Exercise directions –
Take the entries that follow and return exactly the lines from the one holding "#188=ORIENTED_EDGE('',*,*,#185,.T.);" through the one holding "#194=DIRECTION('',(0.,0.,-1.));", both included. Nothing else is needed.

The data –
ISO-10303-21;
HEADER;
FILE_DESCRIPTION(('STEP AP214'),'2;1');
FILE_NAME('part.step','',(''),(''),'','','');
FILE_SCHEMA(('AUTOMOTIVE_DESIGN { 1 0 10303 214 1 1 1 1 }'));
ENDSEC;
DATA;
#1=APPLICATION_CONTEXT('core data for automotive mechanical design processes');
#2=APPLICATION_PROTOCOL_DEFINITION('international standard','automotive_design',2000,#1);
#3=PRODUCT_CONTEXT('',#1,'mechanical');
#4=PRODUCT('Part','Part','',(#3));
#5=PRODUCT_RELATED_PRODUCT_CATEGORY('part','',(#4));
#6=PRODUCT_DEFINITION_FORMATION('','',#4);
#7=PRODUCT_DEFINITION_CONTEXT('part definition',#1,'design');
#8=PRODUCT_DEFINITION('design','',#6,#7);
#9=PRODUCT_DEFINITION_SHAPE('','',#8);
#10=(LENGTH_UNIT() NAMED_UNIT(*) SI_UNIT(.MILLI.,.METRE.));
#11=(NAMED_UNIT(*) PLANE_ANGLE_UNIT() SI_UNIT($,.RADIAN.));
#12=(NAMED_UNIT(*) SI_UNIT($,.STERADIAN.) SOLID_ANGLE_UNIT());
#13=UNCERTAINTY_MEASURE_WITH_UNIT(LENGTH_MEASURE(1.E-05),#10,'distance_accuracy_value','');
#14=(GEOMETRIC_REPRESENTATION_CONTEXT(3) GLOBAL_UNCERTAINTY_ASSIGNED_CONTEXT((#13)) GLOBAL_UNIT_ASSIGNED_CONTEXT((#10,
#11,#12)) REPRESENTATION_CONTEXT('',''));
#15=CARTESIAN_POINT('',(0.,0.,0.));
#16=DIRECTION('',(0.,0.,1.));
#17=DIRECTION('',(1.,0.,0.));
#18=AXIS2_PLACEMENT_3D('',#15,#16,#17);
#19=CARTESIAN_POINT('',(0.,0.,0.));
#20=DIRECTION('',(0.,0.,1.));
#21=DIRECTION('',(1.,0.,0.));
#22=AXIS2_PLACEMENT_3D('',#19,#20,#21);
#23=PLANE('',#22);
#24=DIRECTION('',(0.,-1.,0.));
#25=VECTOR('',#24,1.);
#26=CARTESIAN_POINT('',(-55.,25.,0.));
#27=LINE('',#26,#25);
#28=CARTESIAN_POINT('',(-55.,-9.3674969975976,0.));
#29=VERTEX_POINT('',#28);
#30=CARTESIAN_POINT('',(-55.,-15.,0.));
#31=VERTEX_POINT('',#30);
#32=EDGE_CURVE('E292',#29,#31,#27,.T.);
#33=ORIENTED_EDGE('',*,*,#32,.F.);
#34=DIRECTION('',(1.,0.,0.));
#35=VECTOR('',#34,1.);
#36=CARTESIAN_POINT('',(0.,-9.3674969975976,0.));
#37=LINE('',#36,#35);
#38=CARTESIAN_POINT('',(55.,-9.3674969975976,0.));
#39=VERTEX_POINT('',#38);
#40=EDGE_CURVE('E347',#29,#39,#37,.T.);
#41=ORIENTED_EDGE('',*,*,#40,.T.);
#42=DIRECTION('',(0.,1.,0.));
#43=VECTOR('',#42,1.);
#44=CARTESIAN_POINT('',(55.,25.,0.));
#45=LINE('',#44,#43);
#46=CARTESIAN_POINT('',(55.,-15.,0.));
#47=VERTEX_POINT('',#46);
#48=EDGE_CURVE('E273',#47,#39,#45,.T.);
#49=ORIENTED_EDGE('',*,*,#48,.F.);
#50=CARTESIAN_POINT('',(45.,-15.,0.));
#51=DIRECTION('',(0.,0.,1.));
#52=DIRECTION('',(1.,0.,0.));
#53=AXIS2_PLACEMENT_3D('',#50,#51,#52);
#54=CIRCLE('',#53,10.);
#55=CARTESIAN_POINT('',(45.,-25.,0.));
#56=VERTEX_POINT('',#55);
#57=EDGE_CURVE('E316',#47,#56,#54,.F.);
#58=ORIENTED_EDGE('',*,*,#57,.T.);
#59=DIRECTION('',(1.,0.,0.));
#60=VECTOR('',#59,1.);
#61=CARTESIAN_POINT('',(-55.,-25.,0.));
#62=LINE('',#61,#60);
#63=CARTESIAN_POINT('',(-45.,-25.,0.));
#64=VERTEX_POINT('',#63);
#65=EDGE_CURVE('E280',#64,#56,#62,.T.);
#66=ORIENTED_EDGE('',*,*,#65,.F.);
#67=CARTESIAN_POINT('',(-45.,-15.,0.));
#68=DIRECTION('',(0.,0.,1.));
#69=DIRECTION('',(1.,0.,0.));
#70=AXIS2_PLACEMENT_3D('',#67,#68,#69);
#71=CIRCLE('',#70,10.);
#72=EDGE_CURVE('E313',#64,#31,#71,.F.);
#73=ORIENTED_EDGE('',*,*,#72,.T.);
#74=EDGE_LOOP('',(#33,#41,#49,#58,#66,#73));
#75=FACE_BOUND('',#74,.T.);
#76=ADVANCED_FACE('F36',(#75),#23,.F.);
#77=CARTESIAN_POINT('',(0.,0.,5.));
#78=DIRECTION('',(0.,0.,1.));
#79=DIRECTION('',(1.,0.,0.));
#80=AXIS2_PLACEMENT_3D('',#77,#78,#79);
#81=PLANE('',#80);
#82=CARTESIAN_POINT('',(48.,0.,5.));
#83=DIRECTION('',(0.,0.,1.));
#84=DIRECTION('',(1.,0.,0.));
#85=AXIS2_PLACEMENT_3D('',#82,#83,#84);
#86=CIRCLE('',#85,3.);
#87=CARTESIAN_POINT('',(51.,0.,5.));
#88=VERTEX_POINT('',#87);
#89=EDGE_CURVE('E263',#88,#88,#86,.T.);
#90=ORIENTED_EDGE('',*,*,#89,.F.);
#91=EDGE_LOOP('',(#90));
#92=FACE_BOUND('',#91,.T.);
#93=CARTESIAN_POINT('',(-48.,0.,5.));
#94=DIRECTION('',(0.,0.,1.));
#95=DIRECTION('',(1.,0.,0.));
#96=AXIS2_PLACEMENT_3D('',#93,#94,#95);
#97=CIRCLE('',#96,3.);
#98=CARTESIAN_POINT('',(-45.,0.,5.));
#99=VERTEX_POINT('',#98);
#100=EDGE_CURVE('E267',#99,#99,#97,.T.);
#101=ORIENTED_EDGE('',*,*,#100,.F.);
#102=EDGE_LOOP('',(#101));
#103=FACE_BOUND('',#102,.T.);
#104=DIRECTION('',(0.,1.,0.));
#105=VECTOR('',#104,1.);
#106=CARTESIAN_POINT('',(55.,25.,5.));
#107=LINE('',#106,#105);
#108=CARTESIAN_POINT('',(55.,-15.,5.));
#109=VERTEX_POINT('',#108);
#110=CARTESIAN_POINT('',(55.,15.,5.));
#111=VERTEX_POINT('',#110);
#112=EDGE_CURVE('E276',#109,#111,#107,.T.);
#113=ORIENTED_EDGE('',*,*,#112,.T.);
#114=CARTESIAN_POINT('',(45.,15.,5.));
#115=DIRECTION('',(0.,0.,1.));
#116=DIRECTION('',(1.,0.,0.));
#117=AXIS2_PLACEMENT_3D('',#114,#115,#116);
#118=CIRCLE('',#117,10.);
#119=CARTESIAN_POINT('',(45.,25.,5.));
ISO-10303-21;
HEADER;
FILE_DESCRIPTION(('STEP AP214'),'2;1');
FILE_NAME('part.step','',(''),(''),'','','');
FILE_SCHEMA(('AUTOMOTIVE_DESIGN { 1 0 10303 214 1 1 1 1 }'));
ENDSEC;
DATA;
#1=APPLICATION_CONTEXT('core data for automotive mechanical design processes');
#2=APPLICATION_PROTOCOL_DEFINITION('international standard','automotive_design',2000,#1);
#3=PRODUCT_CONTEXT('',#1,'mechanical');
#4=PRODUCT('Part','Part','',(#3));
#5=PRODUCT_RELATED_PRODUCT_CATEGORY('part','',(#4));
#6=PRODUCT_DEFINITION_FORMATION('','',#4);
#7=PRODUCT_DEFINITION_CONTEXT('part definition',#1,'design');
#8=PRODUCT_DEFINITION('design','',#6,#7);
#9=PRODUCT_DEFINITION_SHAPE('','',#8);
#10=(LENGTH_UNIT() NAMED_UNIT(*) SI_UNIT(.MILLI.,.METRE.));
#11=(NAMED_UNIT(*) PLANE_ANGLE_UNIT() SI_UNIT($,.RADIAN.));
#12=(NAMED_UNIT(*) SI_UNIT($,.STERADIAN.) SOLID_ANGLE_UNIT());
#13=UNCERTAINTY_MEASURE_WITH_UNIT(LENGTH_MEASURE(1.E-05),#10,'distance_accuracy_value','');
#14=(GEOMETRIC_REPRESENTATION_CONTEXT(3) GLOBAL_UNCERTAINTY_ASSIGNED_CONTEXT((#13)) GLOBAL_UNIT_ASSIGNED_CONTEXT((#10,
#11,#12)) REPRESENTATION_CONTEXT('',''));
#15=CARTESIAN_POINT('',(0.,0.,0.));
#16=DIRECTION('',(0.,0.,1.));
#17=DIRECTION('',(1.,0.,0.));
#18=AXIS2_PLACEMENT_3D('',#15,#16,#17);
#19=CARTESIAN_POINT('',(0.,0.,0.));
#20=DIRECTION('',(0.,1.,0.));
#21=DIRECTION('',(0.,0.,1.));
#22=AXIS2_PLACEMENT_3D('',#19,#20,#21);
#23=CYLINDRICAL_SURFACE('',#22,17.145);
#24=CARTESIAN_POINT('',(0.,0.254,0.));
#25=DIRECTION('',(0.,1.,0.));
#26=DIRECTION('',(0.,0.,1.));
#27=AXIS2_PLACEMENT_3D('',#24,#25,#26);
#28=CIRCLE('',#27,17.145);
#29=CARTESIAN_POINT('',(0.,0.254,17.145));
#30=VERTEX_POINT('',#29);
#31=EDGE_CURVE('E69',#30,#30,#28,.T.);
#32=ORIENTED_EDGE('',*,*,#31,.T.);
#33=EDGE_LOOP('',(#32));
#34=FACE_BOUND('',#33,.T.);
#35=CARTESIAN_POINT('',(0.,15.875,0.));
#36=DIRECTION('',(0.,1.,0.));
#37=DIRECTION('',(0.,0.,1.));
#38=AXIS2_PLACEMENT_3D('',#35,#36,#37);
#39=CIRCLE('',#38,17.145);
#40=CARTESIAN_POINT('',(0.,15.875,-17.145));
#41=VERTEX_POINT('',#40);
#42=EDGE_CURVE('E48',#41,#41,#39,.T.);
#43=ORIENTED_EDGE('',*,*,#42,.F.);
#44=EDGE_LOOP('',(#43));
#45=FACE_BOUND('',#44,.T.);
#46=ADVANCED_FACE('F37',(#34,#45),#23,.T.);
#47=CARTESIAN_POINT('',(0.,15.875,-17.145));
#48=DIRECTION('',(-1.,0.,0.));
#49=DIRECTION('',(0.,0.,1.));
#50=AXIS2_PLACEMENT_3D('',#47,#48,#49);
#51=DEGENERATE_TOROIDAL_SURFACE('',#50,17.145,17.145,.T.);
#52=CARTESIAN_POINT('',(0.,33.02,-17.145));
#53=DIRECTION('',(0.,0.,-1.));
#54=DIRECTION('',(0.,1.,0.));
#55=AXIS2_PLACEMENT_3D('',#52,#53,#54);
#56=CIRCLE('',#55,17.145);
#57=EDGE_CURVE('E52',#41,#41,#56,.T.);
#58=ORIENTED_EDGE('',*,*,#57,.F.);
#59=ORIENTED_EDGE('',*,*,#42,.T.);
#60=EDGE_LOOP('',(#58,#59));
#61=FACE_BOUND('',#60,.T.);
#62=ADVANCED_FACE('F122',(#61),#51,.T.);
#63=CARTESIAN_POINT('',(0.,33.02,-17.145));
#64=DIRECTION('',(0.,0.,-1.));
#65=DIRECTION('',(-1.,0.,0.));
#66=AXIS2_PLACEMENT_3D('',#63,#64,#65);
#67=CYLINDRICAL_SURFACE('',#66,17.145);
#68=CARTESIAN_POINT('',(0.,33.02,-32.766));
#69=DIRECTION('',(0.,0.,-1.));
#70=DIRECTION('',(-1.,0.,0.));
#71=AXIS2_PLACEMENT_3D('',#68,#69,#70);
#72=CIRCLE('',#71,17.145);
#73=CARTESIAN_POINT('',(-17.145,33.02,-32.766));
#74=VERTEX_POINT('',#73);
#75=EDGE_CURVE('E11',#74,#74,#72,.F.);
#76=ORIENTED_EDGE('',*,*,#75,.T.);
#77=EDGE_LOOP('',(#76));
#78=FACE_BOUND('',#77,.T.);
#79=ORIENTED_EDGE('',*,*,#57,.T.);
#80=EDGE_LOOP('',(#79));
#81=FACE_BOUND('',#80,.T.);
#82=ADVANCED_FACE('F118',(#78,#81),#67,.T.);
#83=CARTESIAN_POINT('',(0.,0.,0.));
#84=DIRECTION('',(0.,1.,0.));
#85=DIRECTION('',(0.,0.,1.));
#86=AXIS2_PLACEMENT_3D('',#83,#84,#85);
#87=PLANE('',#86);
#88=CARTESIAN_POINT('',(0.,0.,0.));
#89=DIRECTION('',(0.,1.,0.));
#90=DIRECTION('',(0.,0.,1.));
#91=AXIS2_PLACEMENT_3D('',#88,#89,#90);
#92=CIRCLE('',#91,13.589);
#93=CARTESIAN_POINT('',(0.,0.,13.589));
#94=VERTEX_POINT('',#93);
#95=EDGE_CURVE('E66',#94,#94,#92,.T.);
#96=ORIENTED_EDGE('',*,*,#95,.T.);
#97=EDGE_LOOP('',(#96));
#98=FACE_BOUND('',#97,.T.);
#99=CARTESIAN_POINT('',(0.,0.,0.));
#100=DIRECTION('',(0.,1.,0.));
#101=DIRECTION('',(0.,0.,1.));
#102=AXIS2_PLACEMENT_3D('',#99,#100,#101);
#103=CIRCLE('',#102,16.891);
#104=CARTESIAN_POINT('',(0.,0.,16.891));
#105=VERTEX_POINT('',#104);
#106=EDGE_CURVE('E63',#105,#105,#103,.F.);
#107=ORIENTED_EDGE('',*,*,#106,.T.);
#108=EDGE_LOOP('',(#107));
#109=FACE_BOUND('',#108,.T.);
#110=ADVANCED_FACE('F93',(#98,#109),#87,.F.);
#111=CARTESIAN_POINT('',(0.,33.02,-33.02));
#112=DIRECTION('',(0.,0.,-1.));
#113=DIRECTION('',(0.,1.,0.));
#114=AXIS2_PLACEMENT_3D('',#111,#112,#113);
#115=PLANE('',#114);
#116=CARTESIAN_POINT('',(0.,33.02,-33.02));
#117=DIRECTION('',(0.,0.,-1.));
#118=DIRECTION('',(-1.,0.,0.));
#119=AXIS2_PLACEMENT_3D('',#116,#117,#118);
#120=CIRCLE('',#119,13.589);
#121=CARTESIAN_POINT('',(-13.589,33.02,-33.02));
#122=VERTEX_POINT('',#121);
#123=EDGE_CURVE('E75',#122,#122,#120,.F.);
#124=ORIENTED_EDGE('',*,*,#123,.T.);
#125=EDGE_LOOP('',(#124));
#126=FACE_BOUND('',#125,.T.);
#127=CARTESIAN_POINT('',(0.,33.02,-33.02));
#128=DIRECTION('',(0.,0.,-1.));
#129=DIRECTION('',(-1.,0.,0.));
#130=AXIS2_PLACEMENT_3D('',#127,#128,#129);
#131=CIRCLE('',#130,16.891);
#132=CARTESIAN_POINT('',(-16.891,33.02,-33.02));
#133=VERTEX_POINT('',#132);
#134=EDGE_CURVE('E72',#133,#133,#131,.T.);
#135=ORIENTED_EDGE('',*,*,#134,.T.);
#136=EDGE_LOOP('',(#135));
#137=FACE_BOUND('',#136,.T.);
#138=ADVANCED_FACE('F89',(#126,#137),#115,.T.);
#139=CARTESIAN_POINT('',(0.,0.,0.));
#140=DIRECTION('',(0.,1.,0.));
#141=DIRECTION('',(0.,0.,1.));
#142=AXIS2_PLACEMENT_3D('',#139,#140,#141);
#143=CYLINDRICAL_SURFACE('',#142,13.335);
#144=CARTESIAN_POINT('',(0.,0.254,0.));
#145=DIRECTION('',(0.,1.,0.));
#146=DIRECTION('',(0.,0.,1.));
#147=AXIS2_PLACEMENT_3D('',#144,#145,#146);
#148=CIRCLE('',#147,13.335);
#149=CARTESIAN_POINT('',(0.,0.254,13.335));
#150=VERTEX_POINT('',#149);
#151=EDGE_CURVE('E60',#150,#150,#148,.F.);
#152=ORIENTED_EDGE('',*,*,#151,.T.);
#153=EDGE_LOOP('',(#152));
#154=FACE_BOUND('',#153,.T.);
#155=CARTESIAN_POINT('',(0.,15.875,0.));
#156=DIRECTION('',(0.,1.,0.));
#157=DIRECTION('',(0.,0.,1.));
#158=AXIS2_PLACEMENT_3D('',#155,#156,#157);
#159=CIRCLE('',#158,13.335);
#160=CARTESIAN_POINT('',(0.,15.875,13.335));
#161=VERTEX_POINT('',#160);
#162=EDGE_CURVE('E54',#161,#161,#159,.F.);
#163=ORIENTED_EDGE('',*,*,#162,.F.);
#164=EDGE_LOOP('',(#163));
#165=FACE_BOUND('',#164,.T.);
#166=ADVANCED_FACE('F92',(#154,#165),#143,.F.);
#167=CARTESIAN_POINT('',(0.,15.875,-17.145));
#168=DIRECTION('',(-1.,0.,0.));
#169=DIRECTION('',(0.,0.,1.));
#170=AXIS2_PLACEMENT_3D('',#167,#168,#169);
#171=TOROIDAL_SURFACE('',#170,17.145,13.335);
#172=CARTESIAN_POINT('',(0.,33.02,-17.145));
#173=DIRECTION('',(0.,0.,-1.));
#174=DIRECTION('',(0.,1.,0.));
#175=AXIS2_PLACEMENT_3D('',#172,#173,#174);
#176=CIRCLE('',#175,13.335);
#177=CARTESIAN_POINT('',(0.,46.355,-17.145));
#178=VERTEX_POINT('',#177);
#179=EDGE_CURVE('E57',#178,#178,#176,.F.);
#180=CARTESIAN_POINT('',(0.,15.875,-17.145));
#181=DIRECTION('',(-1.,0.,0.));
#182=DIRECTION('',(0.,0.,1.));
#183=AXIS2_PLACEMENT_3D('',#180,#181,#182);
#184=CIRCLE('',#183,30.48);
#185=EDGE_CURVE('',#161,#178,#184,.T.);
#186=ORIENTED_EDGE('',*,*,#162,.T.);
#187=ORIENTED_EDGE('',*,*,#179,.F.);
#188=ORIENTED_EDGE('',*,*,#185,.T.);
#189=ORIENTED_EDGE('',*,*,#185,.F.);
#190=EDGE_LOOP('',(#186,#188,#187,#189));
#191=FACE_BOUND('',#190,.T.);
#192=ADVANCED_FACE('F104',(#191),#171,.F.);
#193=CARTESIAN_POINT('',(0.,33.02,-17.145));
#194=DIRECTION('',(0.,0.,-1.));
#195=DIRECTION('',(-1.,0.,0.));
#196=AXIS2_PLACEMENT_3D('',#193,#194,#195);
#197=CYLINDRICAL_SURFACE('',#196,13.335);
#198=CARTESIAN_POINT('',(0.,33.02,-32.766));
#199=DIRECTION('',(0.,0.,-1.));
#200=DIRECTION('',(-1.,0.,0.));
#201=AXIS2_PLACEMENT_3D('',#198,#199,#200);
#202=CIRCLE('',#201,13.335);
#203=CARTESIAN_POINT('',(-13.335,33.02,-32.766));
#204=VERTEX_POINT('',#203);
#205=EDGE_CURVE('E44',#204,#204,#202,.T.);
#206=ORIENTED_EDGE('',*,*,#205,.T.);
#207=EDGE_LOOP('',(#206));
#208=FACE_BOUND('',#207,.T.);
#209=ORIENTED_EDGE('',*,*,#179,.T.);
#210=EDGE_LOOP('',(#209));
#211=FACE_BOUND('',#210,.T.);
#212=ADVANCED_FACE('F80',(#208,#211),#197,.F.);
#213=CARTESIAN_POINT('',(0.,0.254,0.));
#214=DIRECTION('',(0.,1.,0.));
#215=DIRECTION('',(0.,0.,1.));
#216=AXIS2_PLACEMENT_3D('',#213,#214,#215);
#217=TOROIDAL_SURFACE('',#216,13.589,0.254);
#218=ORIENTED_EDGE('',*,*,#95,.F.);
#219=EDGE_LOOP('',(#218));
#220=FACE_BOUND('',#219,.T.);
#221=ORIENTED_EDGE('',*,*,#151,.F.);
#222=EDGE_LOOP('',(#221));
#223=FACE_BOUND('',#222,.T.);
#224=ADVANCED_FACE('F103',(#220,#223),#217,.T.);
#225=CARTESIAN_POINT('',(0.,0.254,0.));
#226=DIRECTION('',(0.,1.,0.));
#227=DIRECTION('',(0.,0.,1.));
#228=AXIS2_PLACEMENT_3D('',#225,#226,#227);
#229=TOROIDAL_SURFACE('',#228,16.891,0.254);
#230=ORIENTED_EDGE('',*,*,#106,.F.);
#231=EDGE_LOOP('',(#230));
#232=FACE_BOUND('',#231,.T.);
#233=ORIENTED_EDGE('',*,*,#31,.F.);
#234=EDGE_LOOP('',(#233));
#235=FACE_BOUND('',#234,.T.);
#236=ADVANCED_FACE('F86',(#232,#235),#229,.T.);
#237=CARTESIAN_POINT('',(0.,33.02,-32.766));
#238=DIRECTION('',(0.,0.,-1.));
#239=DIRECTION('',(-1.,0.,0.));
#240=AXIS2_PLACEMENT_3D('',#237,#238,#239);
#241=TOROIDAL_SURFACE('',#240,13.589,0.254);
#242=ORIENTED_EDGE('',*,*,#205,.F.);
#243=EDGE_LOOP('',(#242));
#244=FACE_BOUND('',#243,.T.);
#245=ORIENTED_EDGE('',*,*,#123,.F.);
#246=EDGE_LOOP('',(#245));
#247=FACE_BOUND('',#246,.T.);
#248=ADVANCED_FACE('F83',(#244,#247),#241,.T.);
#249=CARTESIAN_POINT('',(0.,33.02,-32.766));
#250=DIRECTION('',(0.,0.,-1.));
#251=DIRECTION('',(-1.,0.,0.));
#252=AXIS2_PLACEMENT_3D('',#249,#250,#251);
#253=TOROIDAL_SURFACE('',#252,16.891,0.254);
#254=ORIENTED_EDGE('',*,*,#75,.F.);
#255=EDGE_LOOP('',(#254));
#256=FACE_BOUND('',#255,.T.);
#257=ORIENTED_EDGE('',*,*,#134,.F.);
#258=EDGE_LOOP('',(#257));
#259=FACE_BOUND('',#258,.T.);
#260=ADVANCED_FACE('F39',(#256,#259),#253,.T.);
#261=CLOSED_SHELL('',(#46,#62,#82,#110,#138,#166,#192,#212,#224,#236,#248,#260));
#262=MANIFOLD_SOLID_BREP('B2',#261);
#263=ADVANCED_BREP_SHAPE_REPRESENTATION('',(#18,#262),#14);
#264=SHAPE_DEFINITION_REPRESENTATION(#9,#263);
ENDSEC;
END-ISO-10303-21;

Response for this exercise –
#188=ORIENTED_EDGE('',*,*,#185,.T.);
#189=ORIENTED_EDGE('',*,*,#185,.F.);
#190=EDGE_LOOP('',(#186,#188,#187,#189));
#191=FACE_BOUND('',#190,.T.);
#192=ADVANCED_FACE('F104',(#191),#171,.F.);
#193=CARTESIAN_POINT('',(0.,33.02,-17.145));
#194=DIRECTION('',(0.,0.,-1.));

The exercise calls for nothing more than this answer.